Work instruction
Starting with the line that contains "#32=ORIENTED_EDGE('',*,*,#31,.T.);" and stopping after the line that contains "#98=ADVANCED_FACE('F65',(#94,#97),#91,.F.);", copy the entries below exactly. Include nothing else.

Source records
'''

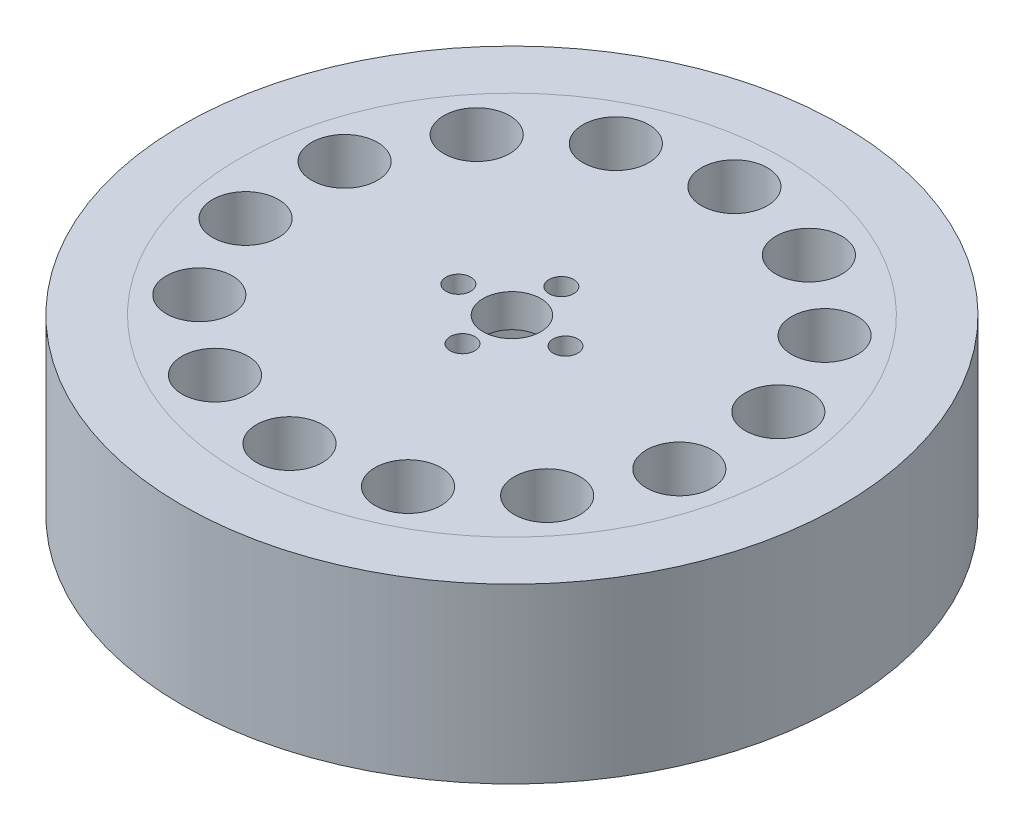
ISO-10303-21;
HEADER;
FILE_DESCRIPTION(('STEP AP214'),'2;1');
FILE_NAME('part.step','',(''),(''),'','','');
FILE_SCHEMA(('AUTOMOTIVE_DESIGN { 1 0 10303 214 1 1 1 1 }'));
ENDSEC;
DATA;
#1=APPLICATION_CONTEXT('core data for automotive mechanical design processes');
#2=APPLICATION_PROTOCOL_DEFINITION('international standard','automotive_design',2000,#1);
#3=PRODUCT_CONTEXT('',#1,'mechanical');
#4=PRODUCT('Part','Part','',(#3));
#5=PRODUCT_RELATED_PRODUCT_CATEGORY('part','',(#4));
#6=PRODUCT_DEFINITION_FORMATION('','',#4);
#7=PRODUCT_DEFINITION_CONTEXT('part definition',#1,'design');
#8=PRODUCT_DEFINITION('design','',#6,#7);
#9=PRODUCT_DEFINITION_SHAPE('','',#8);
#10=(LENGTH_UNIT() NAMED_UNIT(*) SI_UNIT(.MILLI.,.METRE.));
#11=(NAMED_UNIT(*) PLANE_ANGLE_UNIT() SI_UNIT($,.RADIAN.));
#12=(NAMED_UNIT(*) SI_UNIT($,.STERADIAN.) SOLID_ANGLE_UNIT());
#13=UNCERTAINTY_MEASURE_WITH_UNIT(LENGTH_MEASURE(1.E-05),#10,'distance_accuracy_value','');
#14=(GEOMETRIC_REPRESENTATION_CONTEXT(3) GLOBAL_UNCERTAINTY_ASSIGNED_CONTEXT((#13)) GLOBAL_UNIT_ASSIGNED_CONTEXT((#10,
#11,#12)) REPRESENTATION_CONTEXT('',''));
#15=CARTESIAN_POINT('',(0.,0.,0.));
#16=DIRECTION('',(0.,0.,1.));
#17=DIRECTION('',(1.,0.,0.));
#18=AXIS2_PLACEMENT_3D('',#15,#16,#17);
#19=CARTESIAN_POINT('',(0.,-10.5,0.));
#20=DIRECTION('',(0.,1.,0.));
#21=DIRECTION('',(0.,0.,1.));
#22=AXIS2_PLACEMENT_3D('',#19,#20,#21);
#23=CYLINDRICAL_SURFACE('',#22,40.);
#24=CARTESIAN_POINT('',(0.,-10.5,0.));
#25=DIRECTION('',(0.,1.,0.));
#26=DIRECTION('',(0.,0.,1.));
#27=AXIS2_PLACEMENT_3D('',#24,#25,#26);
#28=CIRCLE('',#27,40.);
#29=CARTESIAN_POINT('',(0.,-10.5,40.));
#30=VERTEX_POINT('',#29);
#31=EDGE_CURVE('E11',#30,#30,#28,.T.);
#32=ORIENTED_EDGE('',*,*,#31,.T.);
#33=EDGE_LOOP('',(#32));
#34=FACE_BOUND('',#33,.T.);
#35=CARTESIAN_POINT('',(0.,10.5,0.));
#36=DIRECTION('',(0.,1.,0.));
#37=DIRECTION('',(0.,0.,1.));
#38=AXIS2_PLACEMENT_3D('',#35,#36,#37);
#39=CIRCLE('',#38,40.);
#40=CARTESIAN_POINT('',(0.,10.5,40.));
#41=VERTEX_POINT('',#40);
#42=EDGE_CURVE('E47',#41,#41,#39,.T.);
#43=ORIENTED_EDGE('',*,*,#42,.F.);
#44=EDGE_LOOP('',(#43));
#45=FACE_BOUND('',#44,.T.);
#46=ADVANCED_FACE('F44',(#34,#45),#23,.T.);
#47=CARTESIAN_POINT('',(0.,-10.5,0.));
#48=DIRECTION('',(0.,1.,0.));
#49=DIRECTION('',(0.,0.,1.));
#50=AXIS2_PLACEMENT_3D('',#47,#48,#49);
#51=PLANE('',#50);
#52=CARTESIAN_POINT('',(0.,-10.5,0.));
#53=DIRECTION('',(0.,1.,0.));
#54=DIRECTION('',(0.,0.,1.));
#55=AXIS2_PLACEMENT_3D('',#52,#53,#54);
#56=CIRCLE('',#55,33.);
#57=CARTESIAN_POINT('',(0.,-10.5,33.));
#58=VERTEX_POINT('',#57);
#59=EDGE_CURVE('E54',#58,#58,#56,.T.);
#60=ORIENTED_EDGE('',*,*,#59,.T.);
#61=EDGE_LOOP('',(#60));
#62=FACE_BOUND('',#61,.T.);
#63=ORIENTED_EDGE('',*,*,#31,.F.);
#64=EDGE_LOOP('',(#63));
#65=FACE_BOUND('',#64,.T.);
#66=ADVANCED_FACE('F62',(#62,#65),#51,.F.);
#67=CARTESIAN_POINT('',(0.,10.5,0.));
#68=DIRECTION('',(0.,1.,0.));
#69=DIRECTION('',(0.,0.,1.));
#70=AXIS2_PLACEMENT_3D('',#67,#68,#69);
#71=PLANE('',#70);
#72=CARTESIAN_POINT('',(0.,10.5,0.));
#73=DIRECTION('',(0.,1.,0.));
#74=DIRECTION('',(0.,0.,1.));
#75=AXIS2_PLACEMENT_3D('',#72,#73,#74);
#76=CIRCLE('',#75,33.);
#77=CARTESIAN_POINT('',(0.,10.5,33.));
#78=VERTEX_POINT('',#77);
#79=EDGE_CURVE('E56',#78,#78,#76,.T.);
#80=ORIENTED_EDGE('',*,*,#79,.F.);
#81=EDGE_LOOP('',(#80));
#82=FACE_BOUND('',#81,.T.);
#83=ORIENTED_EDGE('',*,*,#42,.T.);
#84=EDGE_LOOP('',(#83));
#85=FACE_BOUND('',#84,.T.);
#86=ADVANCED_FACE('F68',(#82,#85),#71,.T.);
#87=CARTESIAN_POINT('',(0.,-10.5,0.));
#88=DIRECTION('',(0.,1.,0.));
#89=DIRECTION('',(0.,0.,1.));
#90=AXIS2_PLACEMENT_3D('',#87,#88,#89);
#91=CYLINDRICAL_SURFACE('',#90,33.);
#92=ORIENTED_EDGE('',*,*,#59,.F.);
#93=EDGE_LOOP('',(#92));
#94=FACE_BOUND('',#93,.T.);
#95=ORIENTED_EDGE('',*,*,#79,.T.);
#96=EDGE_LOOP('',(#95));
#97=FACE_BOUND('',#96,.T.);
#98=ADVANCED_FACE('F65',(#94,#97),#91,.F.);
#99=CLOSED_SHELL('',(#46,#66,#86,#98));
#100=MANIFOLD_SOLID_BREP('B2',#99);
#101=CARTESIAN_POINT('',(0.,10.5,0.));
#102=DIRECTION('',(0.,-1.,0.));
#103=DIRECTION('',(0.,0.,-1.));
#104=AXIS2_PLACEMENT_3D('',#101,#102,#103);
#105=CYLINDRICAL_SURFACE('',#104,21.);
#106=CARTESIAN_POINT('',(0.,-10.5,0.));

'''

Answer box
#32=ORIENTED_EDGE('',*,*,#31,.T.);
#33=EDGE_LOOP('',(#32));
#34=FACE_BOUND('',#33,.T.);
#35=CARTESIAN_POINT('',(0.,10.5,0.));
#36=DIRECTION('',(0.,1.,0.));
#37=DIRECTION('',(0.,0.,1.));
#38=AXIS2_PLACEMENT_3D('',#35,#36,#37);
#39=CIRCLE('',#38,40.);
#40=CARTESIAN_POINT('',(0.,10.5,40.));
#41=VERTEX_POINT('',#40);
#42=EDGE_CURVE('E47',#41,#41,#39,.T.);
#43=ORIENTED_EDGE('',*,*,#42,.F.);
#44=EDGE_LOOP('',(#43));
#45=FACE_BOUND('',#44,.T.);
#46=ADVANCED_FACE('F44',(#34,#45),#23,.T.);
#47=CARTESIAN_POINT('',(0.,-10.5,0.));
#48=DIRECTION('',(0.,1.,0.));
#49=DIRECTION('',(0.,0.,1.));
#50=AXIS2_PLACEMENT_3D('',#47,#48,#49);
#51=PLANE('',#50);
#52=CARTESIAN_POINT('',(0.,-10.5,0.));
#53=DIRECTION('',(0.,1.,0.));
#54=DIRECTION('',(0.,0.,1.));
#55=AXIS2_PLACEMENT_3D('',#52,#53,#54);
#56=CIRCLE('',#55,33.);
#57=CARTESIAN_POINT('',(0.,-10.5,33.));
#58=VERTEX_POINT('',#57);
#59=EDGE_CURVE('E54',#58,#58,#56,.T.);
#60=ORIENTED_EDGE('',*,*,#59,.T.);
#61=EDGE_LOOP('',(#60));
#62=FACE_BOUND('',#61,.T.);
#63=ORIENTED_EDGE('',*,*,#31,.F.);
#64=EDGE_LOOP('',(#63));
#65=FACE_BOUND('',#64,.T.);
#66=ADVANCED_FACE('F62',(#62,#65),#51,.F.);
#67=CARTESIAN_POINT('',(0.,10.5,0.));
#68=DIRECTION('',(0.,1.,0.));
#69=DIRECTION('',(0.,0.,1.));
#70=AXIS2_PLACEMENT_3D('',#67,#68,#69);
#71=PLANE('',#70);
#72=CARTESIAN_POINT('',(0.,10.5,0.));
#73=DIRECTION('',(0.,1.,0.));
#74=DIRECTION('',(0.,0.,1.));
#75=AXIS2_PLACEMENT_3D('',#72,#73,#74);
#76=CIRCLE('',#75,33.);
#77=CARTESIAN_POINT('',(0.,10.5,33.));
#78=VERTEX_POINT('',#77);
#79=EDGE_CURVE('E56',#78,#78,#76,.T.);
#80=ORIENTED_EDGE('',*,*,#79,.F.);
#81=EDGE_LOOP('',(#80));
#82=FACE_BOUND('',#81,.T.);
#83=ORIENTED_EDGE('',*,*,#42,.T.);
#84=EDGE_LOOP('',(#83));
#85=FACE_BOUND('',#84,.T.);
#86=ADVANCED_FACE('F68',(#82,#85),#71,.T.);
#87=CARTESIAN_POINT('',(0.,-10.5,0.));
#88=DIRECTION('',(0.,1.,0.));
#89=DIRECTION('',(0.,0.,1.));
#90=AXIS2_PLACEMENT_3D('',#87,#88,#89);
#91=CYLINDRICAL_SURFACE('',#90,33.);
#92=ORIENTED_EDGE('',*,*,#59,.F.);
#93=EDGE_LOOP('',(#92));
#94=FACE_BOUND('',#93,.T.);
#95=ORIENTED_EDGE('',*,*,#79,.T.);
#96=EDGE_LOOP('',(#95));
#97=FACE_BOUND('',#96,.T.);
#98=ADVANCED_FACE('F65',(#94,#97),#91,.F.);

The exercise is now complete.